Sabe quando você ouve uma música nova e é diferente de tudo aquilo que você conhece? Bom, teoricamente, esse conceito também pode se aplicar a cientistas, que recentemente escutaram um som diferente e ficaram intrigados com o tal ruído. Só que, em vez de um novo cantor ou banda, o som era originário de uma nova população de baleias.

Em um estudo publicado na revista Endangered Species Research na semana passada, os cientistas analisaram gravações subaquáticas do Mar da Arábia, estendendo-se da costa de Omã até o sul de Madagascar. A equipe de pesquisadores se deparou com um tipo desconhecido de canto de baleia que nunca havia sido documentado até então, gerando um esforço internacional para descobrir do que se tratava.

“Foi notável encontrar um canto de baleia que fosse completamente único, nunca antes relatado, e reconhecê-lo como uma baleia azul”, disse em comunicado Salvatore Cerchio, diretor do Programa de Cetáceos do Fundo Africano de Conservação Aquática e coautor do estudo.

Um ano depois de descobrir o canto das baleias, a equipe apresentou suas descobertas em uma reunião do Comitê Científico da Comissão Baleeira Internacional. Lá, eles compartilharam os dados com outros cientistas que disseram ter encontrado o mesmo canto das baleias em gravações do Oceano Índico central. As duas equipes de cientistas se juntaram para aprender mais sobre a espécie.

Enquanto o grupo analisava a nova melodia, ficou claro que ela era cantada por uma população de baleias azuis até então desconhecida no oeste do Oceano Índico. À medida que foram reunindo mais dados, eles descobriram que a nova população provavelmente passa a maior parte do tempo no noroeste do Oceano Índico.

A descoberta é um vislumbre de esperança para as baleias azuis, que foram levadas à beira da extinção e atualmente estão listadas como ameaçadas de extinção pela Lei de Espécies Ameaçadas. Nos anos 1800 e 1900, a indústria baleeira comercial quase erradicou a espécie.

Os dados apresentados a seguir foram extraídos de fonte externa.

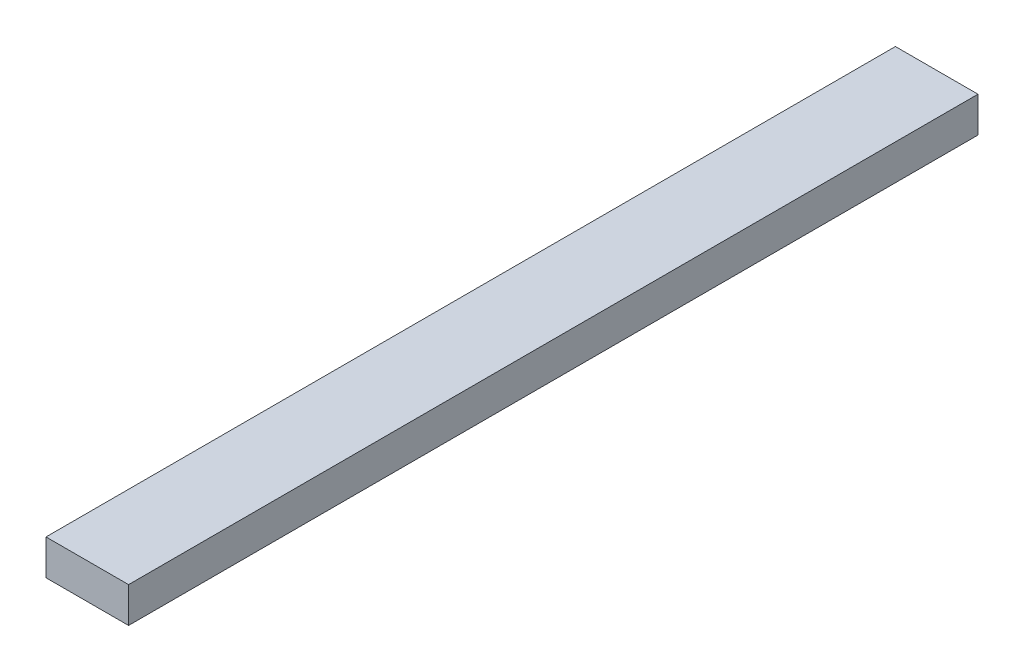
from build123d import *

# Parameters (mm, degrees)
SKETCH1_W           = 88.9
SKETCH1_H           = 38.1
BOSS_EXTRUDE1_DEPTH = 914.4


with BuildPart() as part:
    # Sketch1 → Boss-Extrude1 (new body)
    with BuildSketch(Plane.XY):
        with Locations((-869.95, -19.05)):
            Rectangle(SKETCH1_W, SKETCH1_H)
    extrude(amount=-BOSS_EXTRUDE1_DEPTH)


solid = part.part
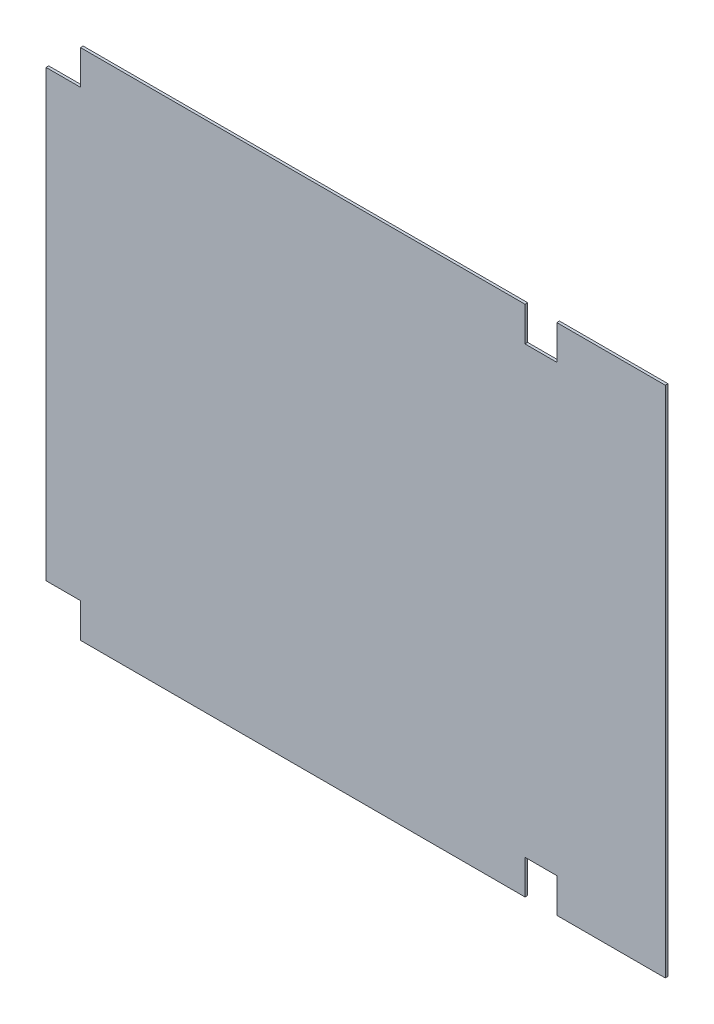
from build123d import *

# Parameters (mm, degrees)
SKETCH1_W           = 742.95
SKETCH1_H           = 615.95
BOSS_EXTRUDE1_DEPTH = 3.175
SKETCH2_W           = 41.275
SKETCH2_H           = 41.275
SKETCH2_W_2         = 38.1
CUT_EXTRUDE1_DEPTH  = 483.54777678


with BuildPart() as part:
    # Sketch1 → Boss-Extrude1 (new body)
    with BuildSketch(Plane.XY):
        Rectangle(SKETCH1_W, SKETCH1_H)
    extrude(amount=BOSS_EXTRUDE1_DEPTH)

    # Sketch2 → Cut-Extrude1 (cut, through all)
    with BuildSketch(Plane.XY.offset(3.175)):
        with Locations((-350.8375, 287.3375)):
            Rectangle(SKETCH2_W, SKETCH2_H)
        with Locations((-350.8375, -287.3375)):
            Rectangle(SKETCH2_W, SKETCH2_H)
        with Locations((222.25, 287.3375)):
            Rectangle(SKETCH2_W_2, SKETCH2_H)
        with Locations((222.25, -287.3375)):
            Rectangle(SKETCH2_W_2, SKETCH2_H)
    extrude(amount=-CUT_EXTRUDE1_DEPTH, mode=Mode.SUBTRACT)


solid = part.part
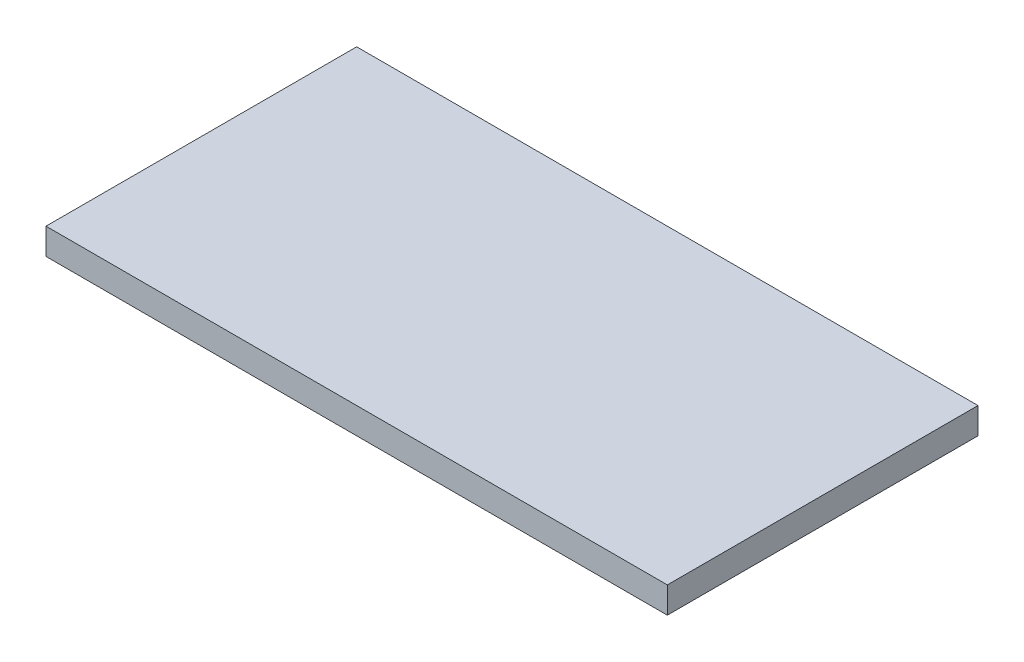
from build123d import *

# Parameters (mm, degrees)
SKETCH1_W           = 101.8
SKETCH1_H           = 50.9
BOSS_EXTRUDE1_DEPTH = 4.3


with BuildPart() as part:
    # Sketch1 → Boss-Extrude1 (new body)
    with BuildSketch(Plane(origin=(0, 0, 0), x_dir=(1, 0, 0), z_dir=(0, 1, 0))):
        Rectangle(SKETCH1_W, SKETCH1_H)
    extrude(amount=BOSS_EXTRUDE1_DEPTH)


solid = part.part

Graças a proteções ambientais, as populações de baleias azuis têm aumentado em todo o mundo desde a última metade do século. No entanto, a espécie ainda enfrenta ameaças globais, principalmente devido à perda de habitat provocada por mudanças induzidas pelo clima na temperatura do oceano e níveis de pH, bem como a poluição marinha. Os navios também colocam as baleias em risco de serem atingidas ou ficaram presas em linhas de pesca.

Os autores da pesquisa ainda cobram um cuidado maior por parte dos líderes mundiais, que devem redobrar os esforços para proteger a espécie, impondo regulamentações mais rígidas sobre o transporte marítimo e redução das emissões de carbono.

As baleias azuis desempenham papéis importantes em seus ecossistemas e são essenciais nas cadeias alimentares marinhas. Como as maiores criaturas da Terra, elas comem grandes quantidades de krill e outras pequenas criaturas, regulando os ecossistemas oceânicos. Elas também absorvem carbono a uma taxa maior do que as árvores.

É possível que as baleias encontradas no Oceano Índico não sejam uma população distinta, mas uma subespécie única de baleia azul, o que tornaria sua conservação particularmente importante devido à necessidade de preservar a biodiversidade.